Wilma Laney, left, and Timothy Helms

Wilma Laney, left, and Timothy Helms

Wilma Laney and Timothy Helms won two contested seats on the Aberdeen Board of Commissioners in Tuesday’s municipal election.

In addition, Mayor Robbie Farrell ran uncontested for another four-year term as town mayor.

Laney, the only incumbent in the race, easily secured a second term with 334 votes, according to complete but unofficial returns from the Moore County Board of Elections. She received 37 percent of all votes cast among the four candidates on the ballot.

“I am so grateful for everyone who supported me, especially with this pandemic going on,” she said. “I just love every one of them and I’m going to prove that by doing the best that I can.”

Laney made local history in 2017 by becoming the first Black woman elected to the board and the town’s first African American commissioner since 1893.

A retired database systems specialist, Laney is the former chairwoman of the Moore County Democratic Party and a past president of the Moore County Democratic Women. She is active in several local groups, including the Aberdeen Friends of the Library, the Aberdeen Friends of the Postmaster’s House, the Moore County NAACP and the League of Women Voters of Moore County.

Laney previously told the Pilot that she plans to continue to focus on issues related to affordable housing and transportation during her second term.

“I’m just going to keep on trying to do the best that I can for Aberdeen,” she said. “I’m really looking forward to another term and I’m going to give it my all. My first term was a learning experience and I feel like I have even more to offer after those first four years.”

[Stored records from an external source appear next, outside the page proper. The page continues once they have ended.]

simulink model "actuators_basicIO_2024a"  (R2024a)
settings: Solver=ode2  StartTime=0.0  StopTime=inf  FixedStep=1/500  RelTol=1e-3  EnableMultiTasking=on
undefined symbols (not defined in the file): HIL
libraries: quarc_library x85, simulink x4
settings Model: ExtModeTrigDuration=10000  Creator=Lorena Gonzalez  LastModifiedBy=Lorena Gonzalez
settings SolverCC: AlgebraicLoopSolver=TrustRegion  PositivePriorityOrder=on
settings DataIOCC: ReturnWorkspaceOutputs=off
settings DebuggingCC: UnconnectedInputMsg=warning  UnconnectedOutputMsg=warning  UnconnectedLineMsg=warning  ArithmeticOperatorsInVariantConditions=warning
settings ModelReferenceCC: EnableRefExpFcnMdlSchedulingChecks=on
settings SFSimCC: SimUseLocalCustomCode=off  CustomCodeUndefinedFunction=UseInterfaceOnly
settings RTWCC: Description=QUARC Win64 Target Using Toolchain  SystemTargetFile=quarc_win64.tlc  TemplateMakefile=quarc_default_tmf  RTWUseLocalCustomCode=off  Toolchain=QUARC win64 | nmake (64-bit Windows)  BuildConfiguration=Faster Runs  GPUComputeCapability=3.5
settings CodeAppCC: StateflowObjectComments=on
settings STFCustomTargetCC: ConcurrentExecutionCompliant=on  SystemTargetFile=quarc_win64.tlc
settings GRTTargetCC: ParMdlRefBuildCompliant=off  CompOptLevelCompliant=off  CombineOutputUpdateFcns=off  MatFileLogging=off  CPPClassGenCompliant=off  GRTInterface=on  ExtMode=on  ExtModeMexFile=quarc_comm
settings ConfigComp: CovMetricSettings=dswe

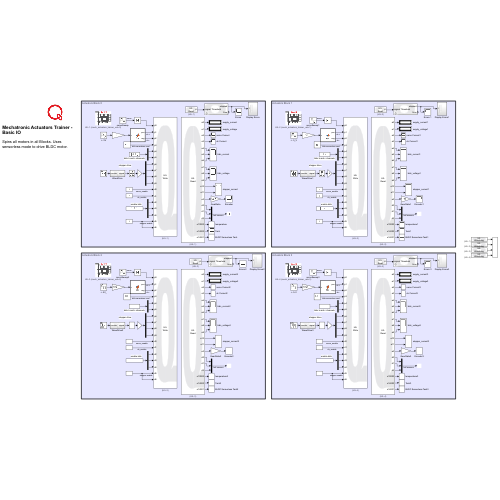
[thumbnail: Simulink's stored preview of the top-level diagram]
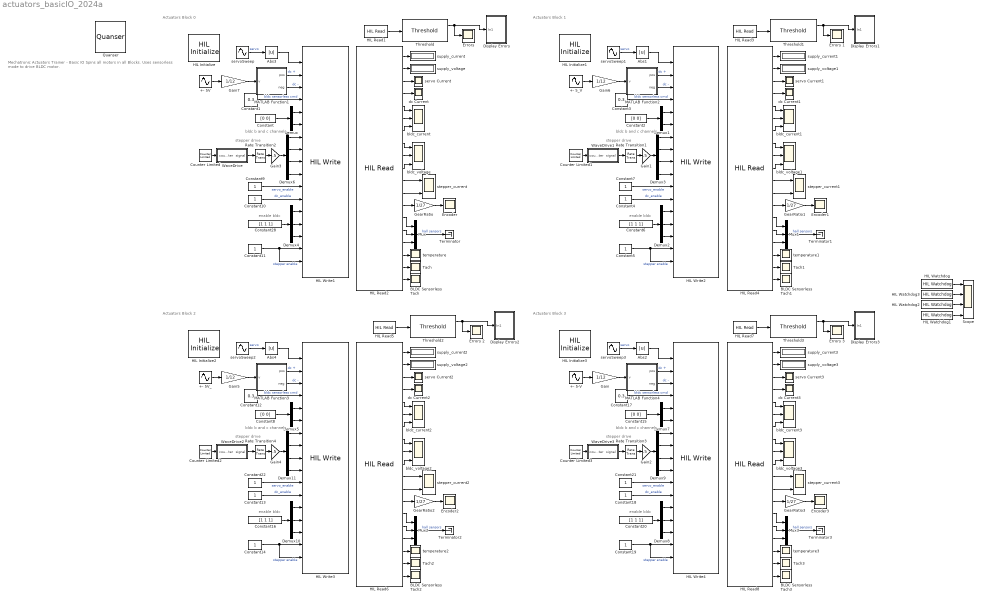
== system actuators_basicIO_2024a ==
  note: bldc b and c channels
  note: enable bldc
  note: Actuators Block 3
  note: Mechatronic Actuators Trainer - Basic IO
      |
      | Spins all motors in all Blocks. Uses sensorless mode to drive BLDC motor.
  note: bldc b and c channels
  note: stepper drive
  note: Actuators Block 0
  note: stepper drive
  note: Actuators Block 1
  note: enable bldc
  note: bldc b and c channels
  note: Actuators Block 2
  note: enable bldc
  note: stepper drive
  note: bldc b and c channels
  note: stepper drive
  note: enable bldc
  +- 5-V : Sin  Amplitude=5  Frequency=.75  SampleTime=0
  +- 5V : Sin  Amplitude=5  Frequency=.75  SampleTime=0
  +- 5V_ : Sin  Amplitude=5  Frequency=.75  SampleTime=0
  +- 5_V : Sin  Amplitude=5  Frequency=.75  SampleTime=0
  Abs{1..4} (4 alike) : Abs  SaturateOnIntegerOverflow=off
  BLDC Sensorless Tach{,1..3} (4 alike) : Scope
  Constant{,2,8,15} (4 alike) : Constant  Value=[0 0]
  Constant{1,3,12,17} (4 alike) : Constant  Value=0.3
  Constant{4..5,7,9..11,13..14,18..19,21..22} (12 alike) : Constant
  Constant{6,16,20,28} (4 alike) : Constant  Value=[1 1 1]
  Counter Limited{,1..3} (4 alike) : simulink/Sources/Counter Limited  uplimit=3  tsamp=1/100
  Demux{,1,5,7} (4 alike) : Demux  Outputs=2
  Demux{2,4,8,10} (4 alike) : Demux  Outputs=3
  Demux{3,6,9,11} (4 alike) : Demux
  Display Errors : Subsystem
  Display Errors1 : Subsystem
  Display Errors2 : Subsystem
  Display Errors3 : Subsystem
  Encoder{,1..3} (4 alike) : Scope
  Errors {,1..3} (4 alike) : Scope
  Gain{,5..7} (4 alike) : Gain  Gain=1/12
  Gain{1..4} (4 alike) : Gain  Gain=.5
  GearRatio{,1..3} (4 alike) : Gain  Gain=1/27
  HIL Initialize : quarc_library/Data Acquisition/Generic/Configuration/HIL Initialize  object_name=HIL-1  board_type=mech_actuators_trainer_usb  board_number=0  board_options=supply_voltage_low_limit=10.0;supply_voltage_high_limit=16.0;supply_current_high_limit=8.0;dc_motor_current_high_limit=1.1;servo_motor_current_high_limit=1.3;bldc_motor_current_high_limit=2.0;stepper_motor_current_high_limit=1.7;servo_pwm_range=0;enc_dir=0;bldc_motor_mode=1;bldc_start_tc=0.03;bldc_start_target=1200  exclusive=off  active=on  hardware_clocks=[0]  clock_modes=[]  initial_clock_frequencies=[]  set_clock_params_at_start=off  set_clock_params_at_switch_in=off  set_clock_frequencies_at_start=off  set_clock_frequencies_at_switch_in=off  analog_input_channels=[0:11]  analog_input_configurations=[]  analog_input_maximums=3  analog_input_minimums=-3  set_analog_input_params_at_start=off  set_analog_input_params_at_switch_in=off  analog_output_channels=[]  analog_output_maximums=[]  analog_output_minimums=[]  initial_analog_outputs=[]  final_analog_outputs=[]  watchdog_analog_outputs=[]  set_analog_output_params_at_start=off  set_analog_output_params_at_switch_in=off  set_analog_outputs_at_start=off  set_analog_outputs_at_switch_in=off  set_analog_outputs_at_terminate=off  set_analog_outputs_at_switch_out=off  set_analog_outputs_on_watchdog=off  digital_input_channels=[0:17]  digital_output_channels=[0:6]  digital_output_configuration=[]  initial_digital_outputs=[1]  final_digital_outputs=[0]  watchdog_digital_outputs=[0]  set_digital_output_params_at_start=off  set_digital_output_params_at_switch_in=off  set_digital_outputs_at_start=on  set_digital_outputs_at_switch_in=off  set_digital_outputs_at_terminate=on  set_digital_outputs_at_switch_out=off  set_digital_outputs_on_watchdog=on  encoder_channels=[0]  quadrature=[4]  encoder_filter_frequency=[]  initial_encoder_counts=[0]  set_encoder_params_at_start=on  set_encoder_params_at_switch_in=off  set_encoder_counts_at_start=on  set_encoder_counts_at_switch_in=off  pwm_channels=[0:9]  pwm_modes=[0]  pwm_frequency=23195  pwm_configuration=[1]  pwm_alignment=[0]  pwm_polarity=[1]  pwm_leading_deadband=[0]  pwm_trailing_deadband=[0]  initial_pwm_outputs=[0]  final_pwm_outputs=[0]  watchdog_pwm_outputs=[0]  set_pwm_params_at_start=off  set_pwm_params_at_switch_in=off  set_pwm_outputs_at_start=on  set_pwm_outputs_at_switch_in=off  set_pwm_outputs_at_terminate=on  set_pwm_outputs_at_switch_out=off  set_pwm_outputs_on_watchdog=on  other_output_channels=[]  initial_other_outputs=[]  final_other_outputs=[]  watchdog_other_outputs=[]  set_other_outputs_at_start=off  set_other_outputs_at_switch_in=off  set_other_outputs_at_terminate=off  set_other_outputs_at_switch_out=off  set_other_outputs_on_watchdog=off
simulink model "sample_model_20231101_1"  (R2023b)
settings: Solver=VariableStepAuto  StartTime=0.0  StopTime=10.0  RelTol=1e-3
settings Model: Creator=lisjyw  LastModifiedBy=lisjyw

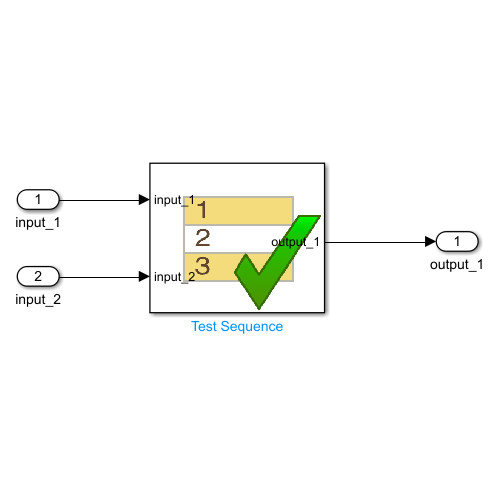
[thumbnail: Simulink's stored preview of the top-level diagram]
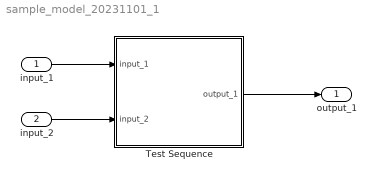
== system sample_model_20231101_1 ==
  input_1 : Inport
  input_2 : Inport  Port=2
  Test Sequence : Test Sequence  TreatAsAtomicUnit=on
  output_1 : Outport
  wires:
  input_1/1 -> Test Sequence/1(input_1)
  input_2/1 -> Test Sequence/2(input_2)
  Test Sequence/1(output_1) -> output_1/1

== stateflow chart sample_model_20231101_1/Test Sequence ==
  state step_1
    output_1 = input_1*input_2;
  (default) -> step_1
  data: input_1 input; input_2 input; output_1 output

Timothy Helms clenched the board’s second contested seat with 199 votes. Helms, who previously served as a commissioner from 1995 to 1999, said he began thinking about re-joining the board after seeing his name earlier this year on the brick walkway dedicated to the town’s past and present commissioners at Aberdeen Lake Park.

“I’m really looking forward to being back on the board,” he said. “I’m looking forward to working with everybody on the board and the mayor, too.”

In addition to his one term as a commissioner, Helms was a member of the Aberdeen Board of Adjustment and president of the Aberdeen Primary School PTA. He worked in retail for 45 years before landing his current job as a shift manager for Apex Technology.

Helms recently told The Pilot that he was concerned about calls from activists to divest funds from police departments in some U.S. cities. He worries that the “defund the police” movement, as it is sometimes called, will eventually make its way to Aberdeen.

“I just want to make sure that we don’t defund the police,” he said. “I’ve always been a supporter of the police, and so much of that is going on around the country these days.”

The two other candidates in the race were political newcomers. Daniel Behnke, a professional planner and transportation manager who works for a consultancy in the private sector, came in third place with 186 votes. Tim Marcham, a retired pharmacist, received 176 votes.